* **What is required**
For the data below, give again exactly the lines from the one containing "scene.name = 'Scene'" through the one containing "me_cube_001.use_remesh_preserve_volume = False", both ends included, and no others.

* **Dataset extract**
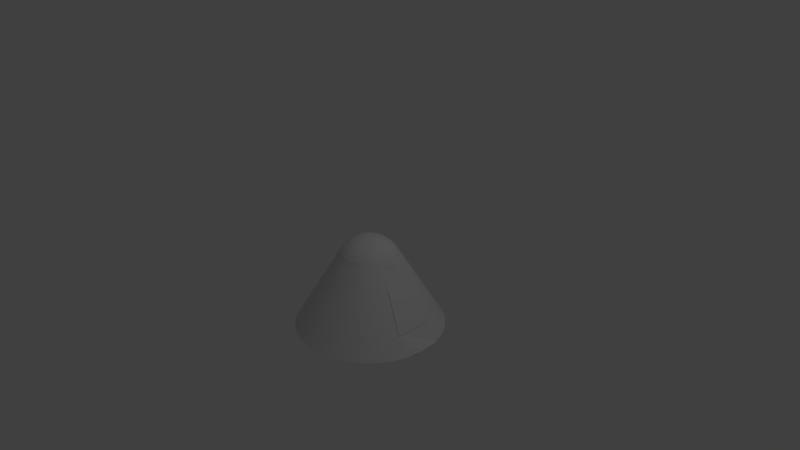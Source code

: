 # Source: RocketHead.blend  (saved by Blender 2.79.0; exported with 4.5.12 LTS)
import bpy
from mathutils import Matrix  # noqa: F401  (used for matrix-valued properties, if any)

bpy.ops.wm.read_factory_settings(use_empty=True)
scene = bpy.context.scene
scene.name = 'Scene'

# ---- collections
col_collection_1 = bpy.data.collections.new('Collection 1'); scene.collection.children.link(col_collection_1)

# ---- world
world_world = bpy.data.worlds.new('World'); scene.world = world_world
world_world.color = (0.05088, 0.05088, 0.05088)
world_world.use_sun_shadow = False
world_world.sun_shadow_jitter_overblur = 0.0
world_world.cycles.sampling_method = 'MANUAL'

# ---- cameras
cam_camera = bpy.data.cameras.new('Camera')
cam_camera.clip_end = 100.0
cam_camera.lens = 35.0
cam_camera.sensor_width = 32.0
cam_camera.sensor_height = 18.0
cam_camera.ortho_scale = 7.314
cam_camera.dof.focus_distance = 0.0
cam_camera.dof.aperture_fstop = 128.0

# ---- lights
light_lamp = bpy.data.lights.new('Lamp', 'POINT')
light_lamp.transmission_factor = 0.0
light_lamp.cutoff_distance = 30.0
light_lamp.energy = 100.0
light_lamp.shadow_buffer_clip_start = 1.001
light_lamp.shadow_soft_size = 0.1
light_lamp.shadow_maximum_resolution = 0.006
light_lamp.use_absolute_resolution = True

# ---- meshes
me_cube_001 = bpy.data.meshes.new('Cube.001')
me_cube_001.from_pydata([(-0.03699, -0.6594, -3.622), (-1.0, -1.0, 1.0), (-0.03699, 0.6594, -3.622), (-1.0, 1.0, 1.0), (1.963, -0.6594, -3.622), (1.0, -1.0, 1.0), (1.963, 0.6594, -3.622), (1.0, 1.0, 1.0)], [], [(0, 1, 3, 2), (2, 3, 7, 6), (6, 7, 5, 4), (4, 5, 1, 0), (2, 6, 4, 0), (7, 3, 1, 5)])
me_cube_001.use_remesh_preserve_volume = False
me_cube_001.use_remesh_preserve_attributes = False
me_cube_001.use_mirror_vertex_groups = False
me_cube_001.update()
me_cylinder = bpy.data.meshes.new('Cylinder')
me_cylinder.from_pydata([(0.0, 1.0, -1.0), (-3.505e-07, 0.4115, -0.01521), (0.09802, 0.9952, -1.0), (0.04034, 0.4095, -0.01521), (0.1951, 0.9808, -1.0), (0.08028, 0.4036, -0.01521), (0.2903, 0.9569, -1.0), (0.1195, 0.3938, -0.01521), (0.3827, 0.9239, -1.0), (0.1575, 0.3802, -0.01521), (0.4714, 0.8819, -1.0), (0.194, 0.3629, -0.01521), (0.5556, 0.8315, -1.0), (0.2286, 0.3422, -0.01521), (0.6344, 0.773, -1.0), (0.2611, 0.3181, -0.01521), (0.7071, 0.7071, -1.0), (0.291, 0.291, -0.01521), (0.773, 0.6344, -1.0), (0.3181, 0.2611, -0.01521), (0.8315, 0.5556, -1.0), (0.3422, 0.2286, -0.01521), (0.8819, 0.4714, -1.0), (0.3629, 0.194, -0.01521), (0.9239, 0.3827, -1.0), (0.3802, 0.1575, -0.01521), (0.9569, 0.2903, -1.0), (0.3938, 0.1195, -0.01521), (0.9808, 0.1951, -1.0), (0.4036, 0.08028, -0.01521), (0.9952, 0.09802, -1.0), (0.4095, 0.04034, -0.01521), (1.0, -1.629e-07, -1.0), (0.4115, -2.167e-07, -0.01521), (0.9952, -0.09802, -1.0), (0.4095, -0.04034, -0.01521), (0.9808, -0.1951, -1.0), (0.4036, -0.08028, -0.01521), (0.9569, -0.2903, -1.0), (0.3938, -0.1195, -0.01521), (0.9239, -0.3827, -1.0), (0.3802, -0.1575, -0.01521), (0.8819, -0.4714, -1.0), (0.3629, -0.194, -0.01521), (0.8315, -0.5556, -1.0), (0.3422, -0.2286, -0.01521), (0.773, -0.6344, -1.0), (0.3181, -0.2611, -0.01521), (0.7071, -0.7071, -1.0), (0.291, -0.291, -0.01521), (0.6344, -0.773, -1.0), (0.2611, -0.3181, -0.01521), (0.5556, -0.8315, -1.0), (0.2286, -0.3422, -0.01521), (0.4714, -0.8819, -1.0), (0.194, -0.3629, -0.01521), (0.3827, -0.9239, -1.0), (0.1575, -0.3802, -0.01521), (0.2903, -0.9569, -1.0), (0.1195, -0.3938, -0.01521), (0.1951, -0.9808, -1.0), (0.08028, -0.4036, -0.01521), (0.09802, -0.9952, -1.0), (0.04034, -0.4095, -0.01521), (-8.027e-07, -1.0, -1.0), (-6.808e-07, -0.4115, -0.01521), (-0.09802, -0.9952, -1.0), (-0.04034, -0.4095, -0.01521), (-0.1951, -0.9808, -1.0), (-0.08028, -0.4036, -0.01521), (-0.2903, -0.9569, -1.0), (-0.1195, -0.3938, -0.01521), (-0.3827, -0.9239, -1.0), (-0.1575, -0.3802, -0.01521), (-0.4714, -0.8819, -1.0), (-0.194, -0.3629, -0.01521), (-0.5556, -0.8315, -1.0), (-0.2286, -0.3422, -0.01521), (-0.6344, -0.773, -1.0), (-0.2611, -0.3181, -0.01521), (-0.7071, -0.7071, -1.0), (-0.291, -0.291, -0.01521), (-0.773, -0.6344, -1.0), (-0.3181, -0.2611, -0.01521), (-0.8315, -0.5556, -1.0), (-0.3422, -0.2286, -0.01521), (-0.8819, -0.4714, -1.0), (-0.3629, -0.194, -0.01521), (-0.9239, -0.3827, -1.0), (-0.3802, -0.1575, -0.01521), (-0.9569, -0.2903, -1.0), (-0.3938, -0.1195, -0.01521), (-0.9808, -0.1951, -1.0), (-0.4036, -0.08028, -0.01521), (-0.9952, -0.09802, -1.0), (-0.4095, -0.04034, -0.01521), (-1.0, -4.649e-07, -1.0), (-0.4115, -3.409e-07, -0.01521), (-0.9952, 0.09802, -1.0), (-0.4095, 0.04034, -0.01521), (-0.9808, 0.1951, -1.0), (-0.4036, 0.08028, -0.01521), (-0.9569, 0.2903, -1.0), (-0.3938, 0.1195, -0.01521), (-0.9239, 0.3827, -1.0), (-0.3802, 0.1575, -0.01521), (-0.8819, 0.4714, -1.0), (-0.3629, 0.194, -0.01521), (-0.8315, 0.5556, -1.0), (-0.3422, 0.2286, -0.01521), (-0.773, 0.6344, -1.0), (-0.3181, 0.2611, -0.01521), (-0.7071, 0.7071, -1.0), (-0.291, 0.291, -0.01521), (-0.6344, 0.773, -1.0), (-0.2611, 0.3181, -0.01521), (-0.5556, 0.8315, -1.0), (-0.2286, 0.3422, -0.01521), (-0.4714, 0.8819, -1.0), (-0.194, 0.3629, -0.01521), (-0.3827, 0.9239, -1.0), (-0.1575, 0.3802, -0.01521), (-0.2903, 0.9569, -1.0), (-0.1195, 0.3938, -0.01521), (-0.1951, 0.9808, -1.0), (-0.08028, 0.4036, -0.01521), (-0.09802, 0.9952, -1.0), (-0.04034, 0.4095, -0.01521), (-2.237e-09, 0.2467, 0.1803), (-2.237e-09, 0.4103, -0.01896), (-2.237e-09, 0.4441, -0.181), (0.008492, 0.08622, 0.2466), (0.01666, 0.1691, 0.2214), (0.02418, 0.2455, 0.1803), (0.03078, 0.3125, 0.1251), (0.03619, 0.3675, 0.05781), (0.04021, 0.4083, -0.01896), (0.04269, 0.4334, -0.09434), (0.04353, 0.4419, -0.181), (0.04269, 0.4334, -0.2676), (0.04021, 0.4083, -0.3509), (0.0169, 0.08497, 0.2466), (0.03315, 0.1667, 0.2214), (0.04813, 0.242, 0.1803), (0.06126, 0.308, 0.1251), (0.07203, 0.3621, 0.05781), (0.08004, 0.4024, -0.01896), (0.08497, 0.4272, -0.09434), (0.08663, 0.4355, -0.181), (0.08497, 0.4272, -0.2676), (0.08004, 0.4024, -0.3509), (0.02515, 0.0829, 0.2466), (0.04933, 0.1626, 0.2214), (0.07162, 0.2361, 0.1803), (0.09115, 0.3005, 0.1251), (0.1072, 0.3533, 0.05781), (0.1191, 0.3926, -0.01896), (0.1264, 0.4168, -0.09434), (0.1289, 0.4249, -0.181), (0.1264, 0.4168, -0.2676), (0.1191, 0.3926, -0.3509), (0.03315, 0.08004, 0.2466), (0.06503, 0.157, 0.2214), (0.09441, 0.2279, 0.1803), (0.1202, 0.2901, 0.1251), (0.1413, 0.3411, 0.05781), (0.157, 0.379, -0.01896), (0.1667, 0.4024, -0.09434), (0.1699, 0.4103, -0.181), (0.1667, 0.4024, -0.2676), (0.157, 0.379, -0.3509), (0.04084, 0.0764, 0.2466), (0.08011, 0.1499, 0.2214), (0.1163, 0.2176, 0.1803), (0.148, 0.2769, 0.1251), (0.1741, 0.3256, 0.05781), (0.1934, 0.3618, -0.01896), (0.2053, 0.3841, -0.09434), (0.2093, 0.3916, -0.181), (0.2053, 0.3841, -0.2676), (0.04813, 0.07203, 0.2466), (0.09441, 0.1413, 0.2214), (0.1371, 0.2051, 0.1803), (0.1745, 0.2611, 0.1251), (0.2051, 0.307, 0.05781), (0.2279, 0.3411, -0.01896), (0.242, 0.3621, -0.09434), (0.2467, 0.3692, -0.181), (0.242, 0.3621, -0.2676), (0.2279, 0.3411, -0.3509), (0.05496, 0.06697, 0.2466), (0.1078, 0.1314, 0.2214), (0.1565, 0.1907, 0.1803), (0.1992, 0.2427, 0.1251), (0.2342, 0.2854, 0.05781), (0.2603, 0.3171, -0.01896), (0.2763, 0.3367, -0.09434), (0.2817, 0.3433, -0.181), (0.2763, 0.3367, -0.2676), (0.2603, 0.3171, -0.3509), (0.06126, 0.06126, 0.2466), (0.1202, 0.1202, 0.2214), (0.1745, 0.1745, 0.1803), (0.222, 0.222, 0.1251), (0.2611, 0.2611, 0.05781), (0.2901, 0.2901, -0.01896), (0.308, 0.308, -0.09434), (0.314, 0.314, -0.181), (0.308, 0.308, -0.2676), (0.2901, 0.2901, -0.3509), (0.06697, 0.05496, 0.2466), (0.1314, 0.1078, 0.2214), (0.1907, 0.1565, 0.1803), (0.2427, 0.1992, 0.1251), (0.2854, 0.2342, 0.05781), (0.3171, 0.2603, -0.01896), (0.3367, 0.2763, -0.09434), (0.3433, 0.2817, -0.181), (0.3367, 0.2763, -0.2676), (0.3171, 0.2603, -0.3509), (0.07203, 0.04813, 0.2466), (0.1413, 0.09441, 0.2214), (0.2051, 0.1371, 0.1803), (0.2611, 0.1745, 0.1251), (0.307, 0.2051, 0.05781), (0.3411, 0.2279, -0.01896), (0.3621, 0.242, -0.09434), (0.3692, 0.2467, -0.181), (0.0764, 0.04084, 0.2466), (0.1499, 0.08011, 0.2214), (0.2176, 0.1163, 0.1803), (0.2769, 0.148, 0.1251), (0.3256, 0.1741, 0.05781), (0.3618, 0.1934, -0.01896), (0.3841, 0.2053, -0.09434), (0.08004, 0.03315, 0.2466), (0.157, 0.06503, 0.2214), (0.2279, 0.09441, 0.1803), (0.2901, 0.1202, 0.1251), (0.3411, 0.1413, 0.05781), (0.379, 0.157, -0.01896), (0.4024, 0.1667, -0.09434), (0.0829, 0.02515, 0.2466), (0.1626, 0.04933, 0.2214), (0.2361, 0.07162, 0.1803), (0.3005, 0.09115, 0.1251), (0.3533, 0.1072, 0.05781), (0.3926, 0.1191, -0.01896), (0.4168, 0.1264, -0.09434), (0.08497, 0.0169, 0.2466), (0.1667, 0.03315, 0.2214), (0.242, 0.04813, 0.1803), (0.308, 0.06126, 0.1251), (0.3621, 0.07203, 0.05781), (0.4024, 0.08004, -0.01896), (0.4272, 0.08497, -0.09434), (0.08622, 0.008491, 0.2466), (0.1691, 0.01666, 0.2214), (0.2455, 0.02418, 0.1803), (0.3125, 0.03078, 0.1251), (0.3675, 0.03619, 0.05781), (0.4083, 0.04021, -0.01896), (0.4334, 0.04269, -0.09434), (0.08663, -1.25e-07, 0.2466), (0.1699, -1.317e-07, 0.2214), (0.2467, -1.699e-07, 0.1803), (0.314, -1.162e-07, 0.1251), (0.3692, -1.182e-07, 0.05781), (0.4103, -7.687e-08, -0.01896), (0.4355, -1.389e-07, -0.09434), (0.08622, -0.008492, 0.2466), (0.1691, -0.01666, 0.2214), (0.2455, -0.02418, 0.1803), (0.3125, -0.03078, 0.1251), (0.3675, -0.03619, 0.05781), (0.4083, -0.04021, -0.01896), (0.4334, -0.04269, -0.09434), (0.08497, -0.0169, 0.2466), (0.1667, -0.03315, 0.2214), (0.242, -0.04813, 0.1803), (0.308, -0.06126, 0.1251), (0.3621, -0.07203, 0.05781), (0.4024, -0.08004, -0.01896), (0.4272, -0.08497, -0.09434), (0.0829, -0.02515, 0.2466), (0.1626, -0.04933, 0.2214), (0.2361, -0.07162, 0.1803), (0.3005, -0.09115, 0.1251), (0.3533, -0.1072, 0.05781), (0.3926, -0.1191, -0.01896), (0.4168, -0.1264, -0.09434), (0.08004, -0.03315, 0.2466), (0.157, -0.06503, 0.2214), (0.2279, -0.09441, 0.1803), (0.2901, -0.1202, 0.1251), (0.3411, -0.1413, 0.05781), (0.379, -0.157, -0.01896), (0.4024, -0.1667, -0.09434), (0.0764, -0.04084, 0.2466), (0.1499, -0.08011, 0.2214), (0.2176, -0.1163, 0.1803), (0.2769, -0.148, 0.1251), (0.3256, -0.1741, 0.05781), (0.3618, -0.1934, -0.01896), (0.3841, -0.2053, -0.09434), (0.07203, -0.04813, 0.2466), (0.1413, -0.09441, 0.2214), (0.2051, -0.1371, 0.1803), (0.2611, -0.1745, 0.1251), (0.307, -0.2051, 0.05781), (0.3411, -0.2279, -0.01896), (0.3621, -0.242, -0.09434), (0.06697, -0.05496, 0.2466), (0.1314, -0.1078, 0.2214), (0.1907, -0.1565, 0.1803), (0.2427, -0.1992, 0.1251), (0.2854, -0.2342, 0.05781), (0.3171, -0.2603, -0.01896), (0.3367, -0.2763, -0.09434), (0.06126, -0.06126, 0.2466), (0.1202, -0.1202, 0.2214), (0.1745, -0.1745, 0.1803), (0.222, -0.222, 0.1251), (0.2611, -0.2611, 0.05781), (0.2901, -0.2901, -0.01896), (0.308, -0.308, -0.09434), (0.05496, -0.06697, 0.2466), (0.1078, -0.1314, 0.2214), (0.1565, -0.1907, 0.1803), (0.1992, -0.2427, 0.1251), (0.2342, -0.2854, 0.05781), (0.2603, -0.3171, -0.01896), (0.2763, -0.3367, -0.09434), (0.2817, -0.3433, -0.181), (0.2763, -0.3367, -0.2676), (0.2603, -0.3171, -0.3509), (0.2342, -0.2854, -0.4277), (0.04813, -0.07203, 0.2466), (0.09441, -0.1413, 0.2214), (0.1371, -0.2051, 0.1803), (0.1745, -0.2611, 0.1251), (0.2051, -0.307, 0.05781), (0.2279, -0.3411, -0.01896), (0.242, -0.3621, -0.09434), (0.2467, -0.3692, -0.181), (0.242, -0.3621, -0.2676), (0.2279, -0.3411, -0.3509), (0.2051, -0.307, -0.4277), (0.04084, -0.0764, 0.2466), (0.08011, -0.1499, 0.2214), (0.1163, -0.2176, 0.1803), (0.148, -0.2769, 0.1251), (0.1741, -0.3256, 0.05781), (0.1934, -0.3618, -0.01896), (0.2053, -0.3841, -0.09434), (0.2093, -0.3916, -0.181), (0.2053, -0.3841, -0.2676), (0.1934, -0.3618, -0.3509), (0.03315, -0.08004, 0.2466), (0.06503, -0.157, 0.2214), (0.09441, -0.2279, 0.1803), (0.1202, -0.2901, 0.1251), (0.1413, -0.3411, 0.05781), (0.157, -0.379, -0.01896), (0.1667, -0.4024, -0.09434), (0.1699, -0.4103, -0.181), (0.1667, -0.4024, -0.2676), (0.157, -0.379, -0.3509), (0.1413, -0.3411, -0.4277), (0.02515, -0.0829, 0.2466), (0.04933, -0.1626, 0.2214), (0.07162, -0.2361, 0.1803), (0.09115, -0.3005, 0.1251), (0.1072, -0.3533, 0.05781), (0.1191, -0.3926, -0.01896), (0.1264, -0.4168, -0.09434), (0.1289, -0.4249, -0.181), (0.1264, -0.4168, -0.2676), (0.1191, -0.3926, -0.3509), (0.1072, -0.3533, -0.4277), (0.0169, -0.08497, 0.2466), (0.03315, -0.1667, 0.2214), (0.04813, -0.242, 0.1803), (0.06126, -0.308, 0.1251), (0.07203, -0.3621, 0.05781), (0.08004, -0.4024, -0.01896), (0.08497, -0.4272, -0.09434), (0.08663, -0.4355, -0.181), (0.08497, -0.4272, -0.2676), (0.08004, -0.4024, -0.3509), (0.008492, -0.08622, 0.2466), (0.01666, -0.1691, 0.2214), (0.02418, -0.2455, 0.1803), (0.03078, -0.3125, 0.1251), (0.03619, -0.3675, 0.05781), (0.04021, -0.4083, -0.01896), (0.04269, -0.4334, -0.09434), (5.547e-11, -0.08663, 0.2466), (1.401e-08, -0.1699, 0.2214), (-3.562e-08, -0.2467, 0.1803), (-8.733e-09, -0.314, 0.1251), (-2.941e-08, -0.3692, 0.05781), (2.435e-08, -0.4103, -0.01896), (-7.49e-08, -0.4355, -0.09434), (-4.597e-09, -0.4441, -0.181), (-0.008492, -0.08622, 0.2466), (-0.01666, -0.1691, 0.2214), (-0.02418, -0.2455, 0.1803), (-0.03078, -0.3125, 0.1251), (-0.03619, -0.3675, 0.05781), (-0.04021, -0.4083, -0.01896), (-0.04269, -0.4334, -0.09434), (-0.04353, -0.4419, -0.181), (-0.0169, -0.08497, 0.2466), (-0.03315, -0.1667, 0.2214), (-0.04813, -0.242, 0.1803), (-0.06126, -0.308, 0.1251), (-0.07203, -0.3621, 0.05781), (-0.08004, -0.4024, -0.01896), (-0.08497, -0.4272, -0.09434), (-0.08663, -0.4355, -0.181), (-0.02515, -0.0829, 0.2466), (-0.04933, -0.1626, 0.2214), (-0.07162, -0.2361, 0.1803), (-0.09115, -0.3005, 0.1251), (-0.1072, -0.3533, 0.05781), (-0.1191, -0.3926, -0.01896), (-0.1264, -0.4168, -0.09434), (-0.1289, -0.4249, -0.181), (-0.03315, -0.08004, 0.2466), (-0.06503, -0.157, 0.2214), (-0.09441, -0.2279, 0.1803), (-0.1202, -0.2901, 0.1251), (-0.1413, -0.3411, 0.05781), (-0.157, -0.379, -0.01896), (-0.1667, -0.4024, -0.09434), (-0.1699, -0.4103, -0.181), (-0.04084, -0.0764, 0.2466), (-0.08011, -0.1499, 0.2214), (-0.1163, -0.2176, 0.1803), (-0.148, -0.2769, 0.1251), (-0.1741, -0.3256, 0.05781), (-0.1934, -0.3618, -0.01896), (-0.2053, -0.3841, -0.09434), (-0.2093, -0.3916, -0.181), (-0.04813, -0.07203, 0.2466), (-0.09441, -0.1413, 0.2214), (-0.1371, -0.2051, 0.1803), (-0.1745, -0.2611, 0.1251), (-0.2051, -0.307, 0.05781), (-0.2279, -0.3411, -0.01896), (-0.242, -0.3621, -0.09434), (-0.05496, -0.06697, 0.2466), (-0.1078, -0.1314, 0.2214), (-0.1565, -0.1907, 0.1803), (-0.1992, -0.2427, 0.1251), (-0.2342, -0.2854, 0.05781), (-0.2603, -0.3171, -0.01896), (-0.2763, -0.3367, -0.09434), (-0.2817, -0.3433, -0.181), (-0.06126, -0.06126, 0.2466), (-0.1202, -0.1202, 0.2214), (-0.1745, -0.1745, 0.1803), (-0.222, -0.222, 0.1251), (-0.2611, -0.2611, 0.05781), (-0.2901, -0.2901, -0.01896), (-0.308, -0.308, -0.09434), (-0.314, -0.314, -0.181), (-0.06697, -0.05496, 0.2466), (-0.1314, -0.1078, 0.2214), (-0.1907, -0.1565, 0.1803), (-0.2427, -0.1992, 0.1251), (-0.2854, -0.2342, 0.05781), (-0.3171, -0.2603, -0.01896), (-0.3367, -0.2763, -0.09434), (-0.3433, -0.2817, -0.181), (-0.07203, -0.04813, 0.2466), (-0.1413, -0.09441, 0.2214), (-0.2051, -0.1371, 0.1803), (-0.2611, -0.1745, 0.1251), (-0.307, -0.2051, 0.05781), (-0.3411, -0.2279, -0.01896), (-0.3621, -0.242, -0.09434), (-0.3692, -0.2467, -0.181), (-1.298e-07, -1.981e-07, 0.2552), (-0.0764, -0.04084, 0.2466), (-0.1499, -0.08011, 0.2214), (-0.2176, -0.1163, 0.1803), (-0.2769, -0.148, 0.1251), (-0.3256, -0.1741, 0.05781), (-0.3618, -0.1934, -0.01896), (-0.3841, -0.2053, -0.09434), (-0.3916, -0.2093, -0.181), (-0.08004, -0.03315, 0.2466), (-0.157, -0.06503, 0.2214), (-0.2279, -0.09441, 0.1803), (-0.2901, -0.1202, 0.1251), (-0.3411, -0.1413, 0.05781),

* **Answer for this exercise**
scene.name = 'Scene'

# ---- collections
col_collection_1 = bpy.data.collections.new('Collection 1'); scene.collection.children.link(col_collection_1)

# ---- world
world_world = bpy.data.worlds.new('World'); scene.world = world_world
world_world.color = (0.05088, 0.05088, 0.05088)
world_world.use_sun_shadow = False
world_world.sun_shadow_jitter_overblur = 0.0
world_world.cycles.sampling_method = 'MANUAL'

# ---- cameras
cam_camera = bpy.data.cameras.new('Camera')
cam_camera.clip_end = 100.0
cam_camera.lens = 35.0
cam_camera.sensor_width = 32.0
cam_camera.sensor_height = 18.0
cam_camera.ortho_scale = 7.314
cam_camera.dof.focus_distance = 0.0
cam_camera.dof.aperture_fstop = 128.0

# ---- lights
light_lamp = bpy.data.lights.new('Lamp', 'POINT')
light_lamp.transmission_factor = 0.0
light_lamp.cutoff_distance = 30.0
light_lamp.energy = 100.0
light_lamp.shadow_buffer_clip_start = 1.001
light_lamp.shadow_soft_size = 0.1
light_lamp.shadow_maximum_resolution = 0.006
light_lamp.use_absolute_resolution = True

# ---- meshes
me_cube_001 = bpy.data.meshes.new('Cube.001')
me_cube_001.from_pydata([(-0.03699, -0.6594, -3.622), (-1.0, -1.0, 1.0), (-0.03699, 0.6594, -3.622), (-1.0, 1.0, 1.0), (1.963, -0.6594, -3.622), (1.0, -1.0, 1.0), (1.963, 0.6594, -3.622), (1.0, 1.0, 1.0)], [], [(0, 1, 3, 2), (2, 3, 7, 6), (6, 7, 5, 4), (4, 5, 1, 0), (2, 6, 4, 0), (7, 3, 1, 5)])
me_cube_001.use_remesh_preserve_volume = False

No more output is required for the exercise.